By Saxone Akhaine, Northern Bureau Chief   |   05 August 2015   |   3:56 am  
Nasir El-Rufai

Nasir El-Rufai

RESIDENTS of Kaduna are worried about plans by the state Governor, Malam Nasir El-Rufai, to commence the demolition of illegal residential structures built on government land.

El-Rufai said that the government would begin the demolition of illegal structures built on land owned by the state hospitals and schools, after the expiration of quit notice given to the occupants.

In another development, the governor has declared free and compulsory primary and junior secondary school education in the state public schools, while asking parents that any principal found collecting fees from pupils or students should be reported to government for prompt action.

Speaking during his second town hall meeting held in Zaria, El-Rufai explained that government will continue to interact with the people to brief them on the administration’s activities and get advice from them on how to govern the state effectively.

He advised occupants of the illegal structures to vacate the properties, warning that his administration would not support encroachment on government land.

He said: “Illegal structures on land owned by Zaria Library, Alhudahuda College, Rimi College, Sardauna Memorial College and other schools will be demolished as the quit notice expires on Wednesday 5th August.

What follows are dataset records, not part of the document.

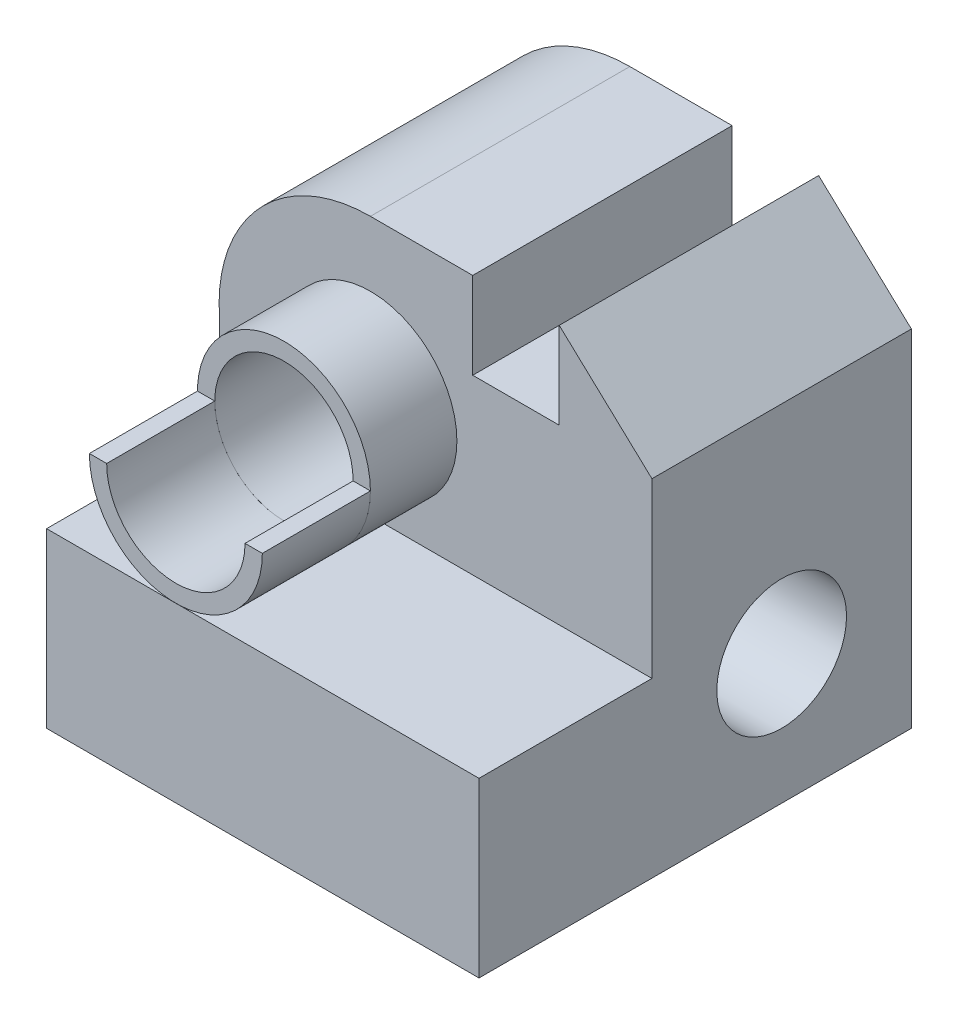
ISO-10303-21;
HEADER;
FILE_DESCRIPTION(('STEP AP214'),'2;1');
FILE_NAME('part.step','',(''),(''),'','','');
FILE_SCHEMA(('AUTOMOTIVE_DESIGN { 1 0 10303 214 1 1 1 1 }'));
ENDSEC;
DATA;
#1=APPLICATION_CONTEXT('core data for automotive mechanical design processes');
#2=APPLICATION_PROTOCOL_DEFINITION('international standard','automotive_design',2000,#1);
#3=PRODUCT_CONTEXT('',#1,'mechanical');
#4=PRODUCT('Part','Part','',(#3));
#5=PRODUCT_RELATED_PRODUCT_CATEGORY('part','',(#4));
#6=PRODUCT_DEFINITION_FORMATION('','',#4);
#7=PRODUCT_DEFINITION_CONTEXT('part definition',#1,'design');
#8=PRODUCT_DEFINITION('design','',#6,#7);
#9=PRODUCT_DEFINITION_SHAPE('','',#8);
#10=(LENGTH_UNIT() NAMED_UNIT(*) SI_UNIT(.MILLI.,.METRE.));
#11=(NAMED_UNIT(*) PLANE_ANGLE_UNIT() SI_UNIT($,.RADIAN.));
#12=(NAMED_UNIT(*) SI_UNIT($,.STERADIAN.) SOLID_ANGLE_UNIT());
#13=UNCERTAINTY_MEASURE_WITH_UNIT(LENGTH_MEASURE(1.E-05),#10,'distance_accuracy_value','');
#14=(GEOMETRIC_REPRESENTATION_CONTEXT(3) GLOBAL_UNCERTAINTY_ASSIGNED_CONTEXT((#13)) GLOBAL_UNIT_ASSIGNED_CONTEXT((#10,
#11,#12)) REPRESENTATION_CONTEXT('',''));
#15=CARTESIAN_POINT('',(0.,0.,0.));
#16=DIRECTION('',(0.,0.,1.));
#17=DIRECTION('',(1.,0.,0.));
#18=AXIS2_PLACEMENT_3D('',#15,#16,#17);
#19=CARTESIAN_POINT('',(-1.4658413372004E-13,41.275,3.175));
#20=DIRECTION('',(0.,1.,0.));
#21=DIRECTION('',(-1.,0.,0.));
#22=AXIS2_PLACEMENT_3D('',#19,#20,#21);
#23=PLANE('',#22);
#24=DIRECTION('',(1.,0.,0.));
#25=VECTOR('',#24,1.);
#26=CARTESIAN_POINT('',(-1.4658413372004E-13,41.275,-12.7));
#27=LINE('',#26,#25);
#28=CARTESIAN_POINT('',(-16.4989070502014,41.2749999999999,-12.7));
#29=VERTEX_POINT('',#28);
#30=CARTESIAN_POINT('',(-13.9589070502014,41.2749999999999,-12.7));
#31=VERTEX_POINT('',#30);
#32=EDGE_CURVE('E115',#29,#31,#27,.T.);
#33=ORIENTED_EDGE('',*,*,#32,.F.);
#34=DIRECTION('',(0.,0.,-1.));
#35=VECTOR('',#34,1.);
#36=CARTESIAN_POINT('',(-16.4989070502014,41.2749999999999,3.175));
#37=LINE('',#36,#35);
#38=CARTESIAN_POINT('',(-16.4989070502014,41.2749999999999,3.175));
#39=VERTEX_POINT('',#38);
#40=EDGE_CURVE('E12',#39,#29,#37,.T.);
#41=ORIENTED_EDGE('',*,*,#40,.F.);
#42=DIRECTION('',(1.,0.,0.));
#43=VECTOR('',#42,1.);
#44=CARTESIAN_POINT('',(-1.4658413372004E-13,41.275,3.175));
#45=LINE('',#44,#43);
#46=CARTESIAN_POINT('',(-13.9589070502014,41.2749999999999,3.175));
#47=VERTEX_POINT('',#46);
#48=EDGE_CURVE('E98',#39,#47,#45,.T.);
#49=ORIENTED_EDGE('',*,*,#48,.T.);
#50=DIRECTION('',(0.,0.,-1.));
#51=VECTOR('',#50,1.);
#52=CARTESIAN_POINT('',(-13.9589070502014,41.2749999999999,3.175));
#53=LINE('',#52,#51);
#54=EDGE_CURVE('E88',#47,#31,#53,.T.);
#55=ORIENTED_EDGE('',*,*,#54,.T.);
#56=EDGE_LOOP('',(#33,#41,#49,#55));
#57=FACE_BOUND('',#56,.T.);
#58=ADVANCED_FACE('F49',(#57),#23,.T.);
#59=CARTESIAN_POINT('',(-3.79890705020145,41.275,3.175));
#60=DIRECTION('',(0.,0.,-1.));
#61=DIRECTION('',(-1.,0.,0.));
#62=AXIS2_PLACEMENT_3D('',#59,#60,#61);
#63=CYLINDRICAL_SURFACE('',#62,12.7);
#64=CARTESIAN_POINT('',(-3.79890705020145,41.275,-12.7));
#65=DIRECTION('',(0.,0.,1.));
#66=DIRECTION('',(1.,0.,0.));
#67=AXIS2_PLACEMENT_3D('',#64,#65,#66);
#68=CIRCLE('',#67,12.7);
#69=CARTESIAN_POINT('',(8.90109294979855,41.275,-12.7));
#70=VERTEX_POINT('',#69);
#71=EDGE_CURVE('E103',#29,#70,#68,.T.);
#72=ORIENTED_EDGE('',*,*,#71,.T.);
#73=DIRECTION('',(0.,0.,-1.));
#74=VECTOR('',#73,1.);
#75=CARTESIAN_POINT('',(8.90109294979855,41.275,3.175));
#76=LINE('',#75,#74);
#77=CARTESIAN_POINT('',(8.90109294979855,41.275,3.175));
#78=VERTEX_POINT('',#77);
#79=EDGE_CURVE('E58',#78,#70,#76,.T.);
#80=ORIENTED_EDGE('',*,*,#79,.F.);
#81=CARTESIAN_POINT('',(-3.79890705020145,41.275,3.175));
#82=DIRECTION('',(0.,0.,1.));
#83=DIRECTION('',(1.,0.,0.));
#84=AXIS2_PLACEMENT_3D('',#81,#82,#83);
#85=CIRCLE('',#84,12.7);
#86=EDGE_CURVE('E93',#39,#78,#85,.T.);
#87=ORIENTED_EDGE('',*,*,#86,.F.);
#88=ORIENTED_EDGE('',*,*,#40,.T.);
#89=EDGE_LOOP('',(#72,#80,#87,#88));
#90=FACE_BOUND('',#89,.T.);
#91=ADVANCED_FACE('F51',(#90),#63,.T.);
#92=CARTESIAN_POINT('',(6.36109294979855,41.275,-12.7));
#93=VERTEX_POINT('',#92);
#94=EDGE_CURVE('E111',#93,#70,#27,.T.);
#95=ORIENTED_EDGE('',*,*,#94,.F.);
#96=DIRECTION('',(0.,0.,-1.));
#97=VECTOR('',#96,1.);
#98=CARTESIAN_POINT('',(6.36109294979855,41.275,3.175));
#99=LINE('',#98,#97);
#100=CARTESIAN_POINT('',(6.36109294979855,41.275,3.175));
#101=VERTEX_POINT('',#100);
#102=EDGE_CURVE('E81',#101,#93,#99,.T.);
#103=ORIENTED_EDGE('',*,*,#102,.F.);
#104=EDGE_CURVE('E97',#101,#78,#45,.T.);
#105=ORIENTED_EDGE('',*,*,#104,.T.);
#106=ORIENTED_EDGE('',*,*,#79,.T.);
#107=EDGE_LOOP('',(#95,#103,#105,#106));
#108=FACE_BOUND('',#107,.T.);
#109=ADVANCED_FACE('F107',(#108),#23,.T.);
#110=CARTESIAN_POINT('',(-3.79890705020145,41.275,3.175));
#111=DIRECTION('',(0.,0.,-1.));
#112=DIRECTION('',(-1.,0.,0.));
#113=AXIS2_PLACEMENT_3D('',#110,#111,#112);
#114=CYLINDRICAL_SURFACE('',#113,10.16);
#115=CARTESIAN_POINT('',(-3.79890705020145,41.275,-12.7));
#116=DIRECTION('',(0.,0.,1.));
#117=DIRECTION('',(1.,0.,0.));
#118=AXIS2_PLACEMENT_3D('',#115,#116,#117);
#119=CIRCLE('',#118,10.16);
#120=EDGE_CURVE('E110',#93,#31,#119,.F.);
#121=ORIENTED_EDGE('',*,*,#120,.T.);
#122=ORIENTED_EDGE('',*,*,#54,.F.);
#123=CARTESIAN_POINT('',(-3.79890705020145,41.275,3.175));
#124=DIRECTION('',(0.,0.,1.));
#125=DIRECTION('',(1.,0.,0.));
#126=AXIS2_PLACEMENT_3D('',#123,#124,#125);
#127=CIRCLE('',#126,10.16);
#128=EDGE_CURVE('E66',#101,#47,#127,.F.);
#129=ORIENTED_EDGE('',*,*,#128,.F.);
#130=ORIENTED_EDGE('',*,*,#102,.T.);
#131=EDGE_LOOP('',(#121,#122,#129,#130));
#132=FACE_BOUND('',#131,.T.);
#133=ADVANCED_FACE('F127',(#132),#114,.F.);
#134=CARTESIAN_POINT('',(0.,0.,3.175));
#135=DIRECTION('',(0.,0.,1.));
#136=DIRECTION('',(1.,0.,0.));
#137=AXIS2_PLACEMENT_3D('',#134,#135,#136);
#138=PLANE('',#137);
#139=ORIENTED_EDGE('',*,*,#48,.F.);
#140=ORIENTED_EDGE('',*,*,#86,.T.);
#141=ORIENTED_EDGE('',*,*,#104,.F.);
#142=ORIENTED_EDGE('',*,*,#128,.T.);
#143=EDGE_LOOP('',(#139,#140,#141,#142));
#144=FACE_BOUND('',#143,.T.);
#145=ADVANCED_FACE('F95',(#144),#138,.T.);
#146=CARTESIAN_POINT('',(0.,0.,-12.7));
#147=DIRECTION('',(0.,0.,1.));
#148=DIRECTION('',(1.,0.,0.));
#149=AXIS2_PLACEMENT_3D('',#146,#147,#148);
#150=PLANE('',#149);
#151=ORIENTED_EDGE('',*,*,#32,.T.);
#152=ORIENTED_EDGE('',*,*,#120,.F.);
#153=ORIENTED_EDGE('',*,*,#94,.T.);
#154=ORIENTED_EDGE('',*,*,#71,.F.);
#155=EDGE_LOOP('',(#151,#152,#153,#154));
#156=FACE_BOUND('',#155,.T.);
#157=ADVANCED_FACE('F120',(#156),#150,.F.);
#158=CLOSED_SHELL('',(#58,#91,#109,#133,#145,#157));
#159=MANIFOLD_SOLID_BREP('B2',#158);
#160=CARTESIAN_POINT('',(37.5469011725293,25.4,-63.5));
#161=DIRECTION('',(0.,1.,0.));
#162=DIRECTION('',(-1.,0.,0.));
#163=AXIS2_PLACEMENT_3D('',#160,#161,#162);
#164=PLANE('',#163);
#165=DIRECTION('',(0.,0.,1.));
#166=VECTOR('',#165,1.);
#167=CARTESIAN_POINT('',(37.5469011725293,25.4,-63.5));
#168=LINE('',#167,#166);
#169=CARTESIAN_POINT('',(37.5469011725293,25.4,-25.4));
#170=VERTEX_POINT('',#169);
#171=CARTESIAN_POINT('',(37.5469011725293,25.4,0.));
#172=VERTEX_POINT('',#171);
#173=EDGE_CURVE('E197',#170,#172,#168,.T.);
#174=ORIENTED_EDGE('',*,*,#173,.F.);
#175=DIRECTION('',(-1.,0.,0.));
#176=VECTOR('',#175,1.);
#177=CARTESIAN_POINT('',(37.5469011725293,25.4,-25.4));
#178=LINE('',#177,#176);
#179=CARTESIAN_POINT('',(-25.9530988274707,25.4,-25.4));
#180=VERTEX_POINT('',#179);
#181=EDGE_CURVE('E236',#170,#180,#178,.T.);
#182=ORIENTED_EDGE('',*,*,#181,.T.);
#183=DIRECTION('',(0.,0.,1.));
#184=VECTOR('',#183,1.);
#185=CARTESIAN_POINT('',(-25.9530988274707,25.4,-63.5));
#186=LINE('',#185,#184);
#187=CARTESIAN_POINT('',(-25.9530988274707,25.4,0.));
#188=VERTEX_POINT('',#187);
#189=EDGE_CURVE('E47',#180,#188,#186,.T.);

Those who built such illegal structures are knowledgeable enough to know that encroaching on land owned by schools is prohibited. There is no going back on pulling down such illegal structures especially in our schools and hospitals.”

While responding to a question on indigenes and settlers in the state, El-Rufai said Kaduna belongs to all, adding that, “all citizens of the state are entitled to stay anywhere and benefit from the state.”

El-Rufai further explained why the government stopped the sponsorship of pilgrimages to Mecca and Israel, saying that the funds meant for this would be used to provide quality education, functional hospitals as well as other infrastructures in the state.

“Government cannot expend its funds on pilgrimage because it is a personal affair to individuals. Whoever wants to go to Hajj or Israel should sponsor him or herself as government will no longer use public funds for such purpose.”

On the ban on street begging and hawking, the governor pointed out that his action was based on advice from security concern, adding that government has visited various rehabilitation centres to rehabilitate the existing structures where beggars and the destitute would be trained to be self-reliant.

“The ban was for the good of all citizens. After the Zaria bombing, there was security report that insurgents have perfected ways whereby they use hawkers and beggars for their nefarious acts. The insurgents give them some token to drop lethal objects and the innocent hawkers and beggars carry out the action without knowing the consequence. This and other reasons for the ban was to protect citizens of the state.”

Some of the owners of the affected structures who attended the meeting appealed to the governor for mercy, saying that they were allocated land to build their houses by the previous governments in the state.